Ryosuke attempted 18 cubes twice (the second time I think was 14/18). He ended up third behind 3/3 and 2/2! Rowe also attempted twelve, but I don't know how many he got.


----------



## tim (Mar 9, 2008)

alexc said:


> joey said:
> 
> 
> > alexc said:
> ...



It's quite obvious, which memo method he uses, isn't it?

btw. Wasn't there a time limit for multi bld? He made two attempts, each of them took him more than 2 hours .

And what about the "new rule" (one hour time limit for the whole attempt, counting the solved cubes)?
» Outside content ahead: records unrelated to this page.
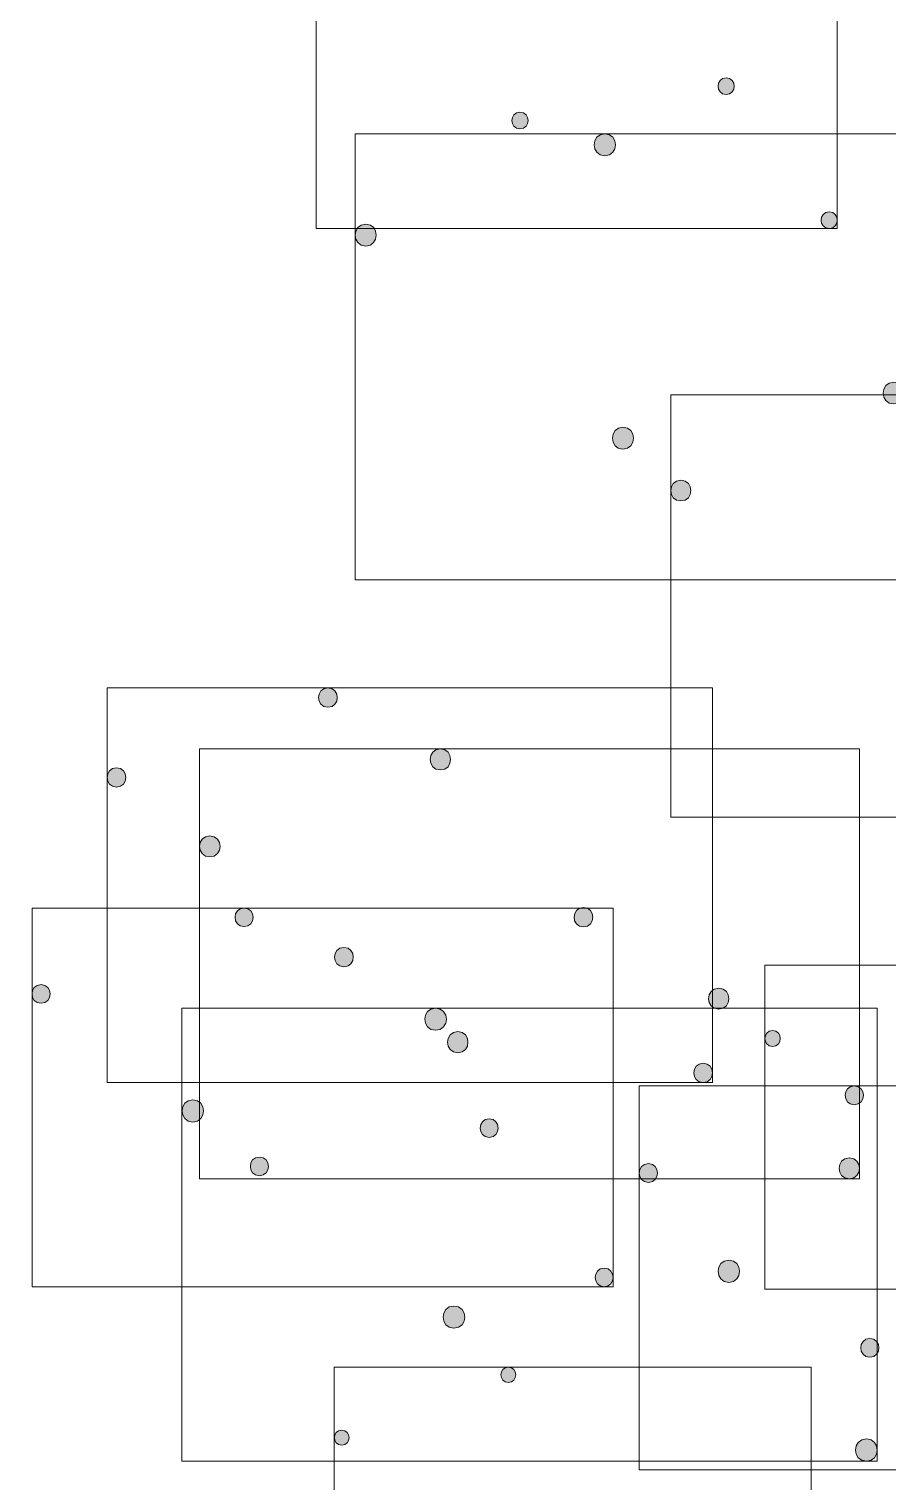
# Model space of a CAD drawing. Header units: inches. Extents: x -261 to 1116, y -954 to 202.
# Drawn here: x -86.3 to 139.2, y -625.4 to -243.9 of the extents above; entities that cross this region are included whole.
import ezdxf

# ---------------------------------------------------------------- set-up
doc = ezdxf.new("R2010")
doc.units = ezdxf.units.IN
doc.header["$MEASUREMENT"] = 0
doc.layers.add('Layer 1', color=7, linetype='Continuous')

# ---------------------------------------------------------------- blocks, each defined once
blk = doc.blocks.new('block 89')
at = {"layer": 'Layer 1', "true_color": 0x231f20}
h = blk.add_hatch(color=250, dxfattribs=at)
h.dxf.hatch_style = 2
edge = h.paths.add_edge_path()
edge.add_spline(control_points=[(140.72, -342.39), (144.42, -342.39), (144.42, -336.64), (140.72, -336.64), (137.02, -336.64), (137.01, -342.39), (140.72, -342.39), (140.72, -342.39), (140.72, -342.39), (140.72, -342.39)], knot_values=[0, 0, 0, 0, 1, 1, 1, 2, 2, 2, 3, 3, 3, 3], degree=3, periodic=1)
at = {"layer": 'Layer 1', "lineweight": 0}
blk.add_open_spline([(140.72, -342.39), (144.42, -342.39), (144.42, -336.64), (140.72, -336.64), (137.02, -336.64), (137.01, -342.39), (140.72, -342.39), (140.72, -342.39), (140.72, -342.39), (140.72, -342.39)], degree=3, knots=[0, 0, 0, 0, 1, 1, 1, 2, 2, 2, 3, 3, 3, 3], dxfattribs=at)
blk = doc.blocks.new('block 91')
at = {"layer": 'Layer 1', "true_color": 0x231f20}
h = blk.add_hatch(color=250, dxfattribs=at)
h.dxf.hatch_style = 2
edge = h.paths.add_edge_path()
edge.add_spline(control_points=[(69.62, -354.24), (73.32, -354.24), (73.32, -348.49), (69.62, -348.49), (65.92, -348.49), (65.91, -354.24), (69.62, -354.24), (69.62, -354.24), (69.62, -354.24), (69.62, -354.24)], knot_values=[0, 0, 0, 0, 1, 1, 1, 2, 2, 2, 3, 3, 3, 3], degree=3, periodic=1)
at = {"layer": 'Layer 1', "lineweight": 0}
blk.add_open_spline([(69.62, -354.24), (73.32, -354.24), (73.32, -348.49), (69.62, -348.49), (65.92, -348.49), (65.91, -354.24), (69.62, -354.24), (69.62, -354.24), (69.62, -354.24), (69.62, -354.24)], degree=3, knots=[0, 0, 0, 0, 1, 1, 1, 2, 2, 2, 3, 3, 3, 3], dxfattribs=at)
blk = doc.blocks.new('block 92')
at = {"layer": 'Layer 1', "true_color": 0x231f20}
h = blk.add_hatch(color=250, dxfattribs=at)
h.dxf.hatch_style = 2
edge = h.paths.add_edge_path()
edge.add_spline(control_points=[(64.88, -277.21), (68.58, -277.21), (68.58, -271.46), (64.88, -271.46), (61.18, -271.46), (61.17, -277.21), (64.88, -277.21), (64.88, -277.21), (64.88, -277.21), (64.88, -277.21)], knot_values=[0, 0, 0, 0, 1, 1, 1, 2, 2, 2, 3, 3, 3, 3], degree=3, periodic=1)
at = {"layer": 'Layer 1', "lineweight": 0}
blk.add_open_spline([(64.88, -277.21), (68.58, -277.21), (68.58, -271.46), (64.88, -271.46), (61.18, -271.46), (61.17, -277.21), (64.88, -277.21), (64.88, -277.21), (64.88, -277.21), (64.88, -277.21)], degree=3, knots=[0, 0, 0, 0, 1, 1, 1, 2, 2, 2, 3, 3, 3, 3], dxfattribs=at)
blk = doc.blocks.new('block 93')
at = {"layer": 'Layer 1', "true_color": 0x231f20}
h = blk.add_hatch(color=250, dxfattribs=at)
h.dxf.hatch_style = 2
edge = h.paths.add_edge_path()
edge.add_spline(control_points=[(2.07, -300.91), (5.77, -300.91), (5.78, -295.16), (2.07, -295.16), (-1.63, -295.16), (-1.63, -300.91), (2.07, -300.91), (2.07, -300.91), (2.07, -300.91), (2.07, -300.91)], knot_values=[0, 0, 0, 0, 1, 1, 1, 2, 2, 2, 3, 3, 3, 3], degree=3, periodic=1)
at = {"layer": 'Layer 1', "lineweight": 0}
blk.add_open_spline([(2.07, -300.91), (5.77, -300.91), (5.78, -295.16), (2.07, -295.16), (-1.63, -295.16), (-1.63, -300.91), (2.07, -300.91), (2.07, -300.91), (2.07, -300.91), (2.07, -300.91)], degree=3, knots=[0, 0, 0, 0, 1, 1, 1, 2, 2, 2, 3, 3, 3, 3], dxfattribs=at)
blk = doc.blocks.new('block 167')
at = {"layer": 'Layer 1', "true_color": 0x231f20}
h = blk.add_hatch(color=250, dxfattribs=at)
h.dxf.hatch_style = 2
edge = h.paths.add_edge_path()
edge.add_spline(control_points=[(108.91, -511.08), (111.6, -511.08), (111.6, -506.9), (108.91, -506.9), (106.23, -506.9), (106.22, -511.08), (108.91, -511.08), (108.91, -511.08), (108.91, -511.08), (108.91, -511.08)], knot_values=[0, 0, 0, 0, 1, 1, 1, 2, 2, 2, 3, 3, 3, 3], degree=3, periodic=1)
at = {"layer": 'Layer 1', "lineweight": 0}
blk.add_open_spline([(108.91, -511.08), (111.6, -511.08), (111.6, -506.9), (108.91, -506.9), (106.23, -506.9), (106.22, -511.08), (108.91, -511.08), (108.91, -511.08), (108.91, -511.08), (108.91, -511.08)], degree=3, knots=[0, 0, 0, 0, 1, 1, 1, 2, 2, 2, 3, 3, 3, 3], dxfattribs=at)
blk = doc.blocks.new('block 168')
at = {"layer": 'Layer 1', "true_color": 0x231f20}
h = blk.add_hatch(color=250, dxfattribs=at)
h.dxf.hatch_style = 2
edge = h.paths.add_edge_path()
edge.add_spline(control_points=[(34.5, -534.94), (37.64, -534.94), (37.65, -530.06), (34.5, -530.06), (31.36, -530.06), (31.36, -534.94), (34.5, -534.94), (34.5, -534.94), (34.5, -534.94), (34.5, -534.94)], knot_values=[0, 0, 0, 0, 1, 1, 1, 2, 2, 2, 3, 3, 3, 3], degree=3, periodic=1)
at = {"layer": 'Layer 1', "lineweight": 0}
blk.add_open_spline([(34.5, -534.94), (37.64, -534.94), (37.65, -530.06), (34.5, -530.06), (31.36, -530.06), (31.36, -534.94), (34.5, -534.94), (34.5, -534.94), (34.5, -534.94), (34.5, -534.94)], degree=3, knots=[0, 0, 0, 0, 1, 1, 1, 2, 2, 2, 3, 3, 3, 3], dxfattribs=at)
blk = doc.blocks.new('block 169')
at = {"layer": 'Layer 1', "true_color": 0x231f20}
h = blk.add_hatch(color=250, dxfattribs=at)
h.dxf.hatch_style = 2
edge = h.paths.add_edge_path()
edge.add_spline(control_points=[(64.68, -574.17), (67.82, -574.17), (67.83, -569.29), (64.68, -569.29), (61.54, -569.29), (61.54, -574.17), (64.68, -574.17), (64.68, -574.17), (64.68, -574.17), (64.68, -574.17)], knot_values=[0, 0, 0, 0, 1, 1, 1, 2, 2, 2, 3, 3, 3, 3], degree=3, periodic=1)
at = {"layer": 'Layer 1', "lineweight": 0}
blk.add_open_spline([(64.68, -574.17), (67.82, -574.17), (67.83, -569.29), (64.68, -569.29), (61.54, -569.29), (61.54, -574.17), (64.68, -574.17), (64.68, -574.17), (64.68, -574.17), (64.68, -574.17)], degree=3, knots=[0, 0, 0, 0, 1, 1, 1, 2, 2, 2, 3, 3, 3, 3], dxfattribs=at)
blk = doc.blocks.new('block 170')
at = {"layer": 'Layer 1', "true_color": 0x231f20}
h = blk.add_hatch(color=250, dxfattribs=at)
h.dxf.hatch_style = 2
edge = h.paths.add_edge_path()
edge.add_spline(control_points=[(-25.86, -545), (-22.72, -545), (-22.71, -540.12), (-25.86, -540.12), (-29, -540.12), (-29, -545), (-25.86, -545), (-25.86, -545), (-25.86, -545), (-25.86, -545)], knot_values=[0, 0, 0, 0, 1, 1, 1, 2, 2, 2, 3, 3, 3, 3], degree=3, periodic=1)
at = {"layer": 'Layer 1', "lineweight": 0}
blk.add_open_spline([(-25.86, -545), (-22.72, -545), (-22.71, -540.12), (-25.86, -540.12), (-29, -540.12), (-29, -545), (-25.86, -545), (-25.86, -545), (-25.86, -545), (-25.86, -545)], degree=3, knots=[0, 0, 0, 0, 1, 1, 1, 2, 2, 2, 3, 3, 3, 3], dxfattribs=at)
blk = doc.blocks.new('block 171')
at = {"layer": 'Layer 1', "true_color": 0x231f20}
h = blk.add_hatch(color=250, dxfattribs=at)
h.dxf.hatch_style = 2
edge = h.paths.add_edge_path()
edge.add_spline(control_points=[(-29.88, -479.61), (-26.74, -479.61), (-26.74, -474.73), (-29.88, -474.73), (-33.02, -474.73), (-33.02, -479.61), (-29.88, -479.61), (-29.88, -479.61), (-29.88, -479.61), (-29.88, -479.61)], knot_values=[0, 0, 0, 0, 1, 1, 1, 2, 2, 2, 3, 3, 3, 3], degree=3, periodic=1)
at = {"layer": 'Layer 1', "lineweight": 0}
blk.add_open_spline([(-29.88, -479.61), (-26.74, -479.61), (-26.74, -474.73), (-29.88, -474.73), (-33.02, -474.73), (-33.02, -479.61), (-29.88, -479.61), (-29.88, -479.61), (-29.88, -479.61), (-29.88, -479.61)], degree=3, knots=[0, 0, 0, 0, 1, 1, 1, 2, 2, 2, 3, 3, 3, 3], dxfattribs=at)
blk = doc.blocks.new('block 172')
at = {"layer": 'Layer 1', "true_color": 0x231f20}
h = blk.add_hatch(color=250, dxfattribs=at)
h.dxf.hatch_style = 2
edge = h.paths.add_edge_path()
edge.add_spline(control_points=[(-83.2, -499.73), (-80.06, -499.73), (-80.05, -494.85), (-83.2, -494.85), (-86.34, -494.85), (-86.34, -499.73), (-83.2, -499.73), (-83.2, -499.73), (-83.2, -499.73), (-83.2, -499.73)], knot_values=[0, 0, 0, 0, 1, 1, 1, 2, 2, 2, 3, 3, 3, 3], degree=3, periodic=1)
at = {"layer": 'Layer 1', "lineweight": 0}
blk.add_open_spline([(-83.2, -499.73), (-80.06, -499.73), (-80.05, -494.85), (-83.2, -494.85), (-86.34, -494.85), (-86.34, -499.73), (-83.2, -499.73), (-83.2, -499.73), (-83.2, -499.73), (-83.2, -499.73)], degree=3, knots=[0, 0, 0, 0, 1, 1, 1, 2, 2, 2, 3, 3, 3, 3], dxfattribs=at)
blk = doc.blocks.new('block 178')
at = {"layer": 'Layer 1', "true_color": 0x231f20}
h = blk.add_hatch(color=250, dxfattribs=at)
h.dxf.hatch_style = 2
edge = h.paths.add_edge_path()
edge.add_spline(control_points=[(59.24, -479.67), (62.51, -479.67), (62.51, -474.59), (59.24, -474.59), (55.97, -474.59), (55.96, -479.67), (59.24, -479.67), (59.24, -479.67), (59.24, -479.67), (59.24, -479.67)], knot_values=[0, 0, 0, 0, 1, 1, 1, 2, 2, 2, 3, 3, 3, 3], degree=3, periodic=1)
at = {"layer": 'Layer 1', "lineweight": 0}
blk.add_open_spline([(59.24, -479.67), (62.51, -479.67), (62.51, -474.59), (59.24, -474.59), (55.97, -474.59), (55.96, -479.67), (59.24, -479.67), (59.24, -479.67), (59.24, -479.67), (59.24, -479.67)], degree=3, knots=[0, 0, 0, 0, 1, 1, 1, 2, 2, 2, 3, 3, 3, 3], dxfattribs=at)
blk = doc.blocks.new('block 179')
at = {"layer": 'Layer 1', "true_color": 0x231f20}
h = blk.add_hatch(color=250, dxfattribs=at)
h.dxf.hatch_style = 2
edge = h.paths.add_edge_path()
edge.add_spline(control_points=[(90.68, -520.55), (93.95, -520.55), (93.96, -515.47), (90.68, -515.47), (87.41, -515.47), (87.4, -520.55), (90.68, -520.55), (90.68, -520.55), (90.68, -520.55), (90.68, -520.55)], knot_values=[0, 0, 0, 0, 1, 1, 1, 2, 2, 2, 3, 3, 3, 3], degree=3, periodic=1)
at = {"layer": 'Layer 1', "lineweight": 0}
blk.add_open_spline([(90.68, -520.55), (93.95, -520.55), (93.96, -515.47), (90.68, -515.47), (87.41, -515.47), (87.4, -520.55), (90.68, -520.55), (90.68, -520.55), (90.68, -520.55), (90.68, -520.55)], degree=3, knots=[0, 0, 0, 0, 1, 1, 1, 2, 2, 2, 3, 3, 3, 3], dxfattribs=at)
blk = doc.blocks.new('block 180')
at = {"layer": 'Layer 1', "true_color": 0x231f20}
h = blk.add_hatch(color=250, dxfattribs=at)
h.dxf.hatch_style = 2
edge = h.paths.add_edge_path()
edge.add_spline(control_points=[(-3.65, -490.15), (-0.38, -490.15), (-0.37, -485.07), (-3.65, -485.07), (-6.92, -485.07), (-6.93, -490.15), (-3.65, -490.15), (-3.65, -490.15), (-3.65, -490.15), (-3.65, -490.15)], knot_values=[0, 0, 0, 0, 1, 1, 1, 2, 2, 2, 3, 3, 3, 3], degree=3, periodic=1)
at = {"layer": 'Layer 1', "lineweight": 0}
blk.add_open_spline([(-3.65, -490.15), (-0.38, -490.15), (-0.37, -485.07), (-3.65, -485.07), (-6.92, -485.07), (-6.93, -490.15), (-3.65, -490.15), (-3.65, -490.15), (-3.65, -490.15), (-3.65, -490.15)], degree=3, knots=[0, 0, 0, 0, 1, 1, 1, 2, 2, 2, 3, 3, 3, 3], dxfattribs=at)
blk = doc.blocks.new('block 181')
at = {"layer": 'Layer 1', "true_color": 0x231f20}
h = blk.add_hatch(color=250, dxfattribs=at)
h.dxf.hatch_style = 2
edge = h.paths.add_edge_path()
edge.add_spline(control_points=[(-7.84, -422.03), (-4.57, -422.03), (-4.57, -416.94), (-7.84, -416.94), (-11.11, -416.94), (-11.12, -422.03), (-7.84, -422.03), (-7.84, -422.03), (-7.84, -422.03), (-7.84, -422.03)], knot_values=[0, 0, 0, 0, 1, 1, 1, 2, 2, 2, 3, 3, 3, 3], degree=3, periodic=1)
at = {"layer": 'Layer 1', "lineweight": 0}
blk.add_open_spline([(-7.84, -422.03), (-4.57, -422.03), (-4.57, -416.94), (-7.84, -416.94), (-11.11, -416.94), (-11.12, -422.03), (-7.84, -422.03), (-7.84, -422.03), (-7.84, -422.03), (-7.84, -422.03)], degree=3, knots=[0, 0, 0, 0, 1, 1, 1, 2, 2, 2, 3, 3, 3, 3], dxfattribs=at)
blk = doc.blocks.new('block 182')
at = {"layer": 'Layer 1', "true_color": 0x231f20}
h = blk.add_hatch(color=250, dxfattribs=at)
h.dxf.hatch_style = 2
edge = h.paths.add_edge_path()
edge.add_spline(control_points=[(-63.39, -442.99), (-60.12, -442.99), (-60.12, -437.91), (-63.39, -437.91), (-66.66, -437.91), (-66.67, -442.99), (-63.39, -442.99), (-63.39, -442.99), (-63.39, -442.99), (-63.39, -442.99)], knot_values=[0, 0, 0, 0, 1, 1, 1, 2, 2, 2, 3, 3, 3, 3], degree=3, periodic=1)
at = {"layer": 'Layer 1', "lineweight": 0}
blk.add_open_spline([(-63.39, -442.99), (-60.12, -442.99), (-60.12, -437.91), (-63.39, -437.91), (-66.66, -437.91), (-66.67, -442.99), (-63.39, -442.99), (-63.39, -442.99), (-63.39, -442.99), (-63.39, -442.99)], degree=3, knots=[0, 0, 0, 0, 1, 1, 1, 2, 2, 2, 3, 3, 3, 3], dxfattribs=at)
blk = doc.blocks.new('block 187')
at = {"layer": 'Layer 1', "true_color": 0x231f20}
h = blk.add_hatch(color=250, dxfattribs=at)
h.dxf.hatch_style = 2
edge = h.paths.add_edge_path()
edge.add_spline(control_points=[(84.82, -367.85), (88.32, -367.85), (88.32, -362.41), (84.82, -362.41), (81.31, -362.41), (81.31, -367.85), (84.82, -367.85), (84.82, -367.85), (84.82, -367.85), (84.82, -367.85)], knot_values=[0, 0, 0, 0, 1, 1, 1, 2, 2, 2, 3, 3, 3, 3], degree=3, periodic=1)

We wouldn't have such close attempts anymore (I feel sorry for Momonga).


----------



## Pedro (Mar 9, 2008)

Rowe got 9/12



> 9f16) For the 3x3x3 Cube: Multiple Blindfolded event the order in the results is based on:
> Highest in the ranking are the competitors who solved all puzzles, among these competitors a larger number means better. For equal results the lower total time means better.
> Next in the ranking are the competitors who solved at least one of the puzzles, among these competitors a larger number of solved puzzles means better, and after this a lower number of attempted puzzles means better. For equal results the lower total time means better.
> Next in the ranking are the competitors who did not solve at least one puzzle, these competitors all finish at the worst position.


Stefan is right


----------



## Stefan (Mar 9, 2008)

F***. I did search for "multi" in the rules but missed that part. Hmpf, I could've said "Isn't anyone capable of reading the rules?" like I wanted to.


----------



## Harris Chan (Mar 9, 2008)

There should be a change in the rule..


----------



## pjk (Mar 9, 2008)

Nice results. Rowe did the 3rd best 3x3 BLD solve yet, as well as the 2nd best OH solve in the world. Mondo, congrats on 17/18.

Good work guys.


----------



## KConny (Mar 10, 2008)

Harris Chan said:


> There should be a change in the rule..



No. You don't count number of solved cubies in normal BLD.


----------



## Harris Chan (Mar 10, 2008)

KConny said:


> Harris Chan said:
> 
> 
> > There should be a change in the rule..
> ...



So? You're saying that a person who is only attempting to solve an F2L and gets it is better than someone who tries to do the whole cube but only manages up to PLL?

Ok my example was bad xD

Joel suggested that they should count the number of cubes solved, and but only the 100% gets the WR. So 17/18 is better than 12/12, but 12/12 is the WR. (I quoted almost word for word )


----------



## philkt731 (Mar 10, 2008)

whats the point of that?
You can't be "better" than the person with the world record and not have it yourself...


----------



## Derrick Eide17 (Mar 10, 2008)

Thanks Dennis  

I was very upset with My MultiBLD because i did so Horrible..... 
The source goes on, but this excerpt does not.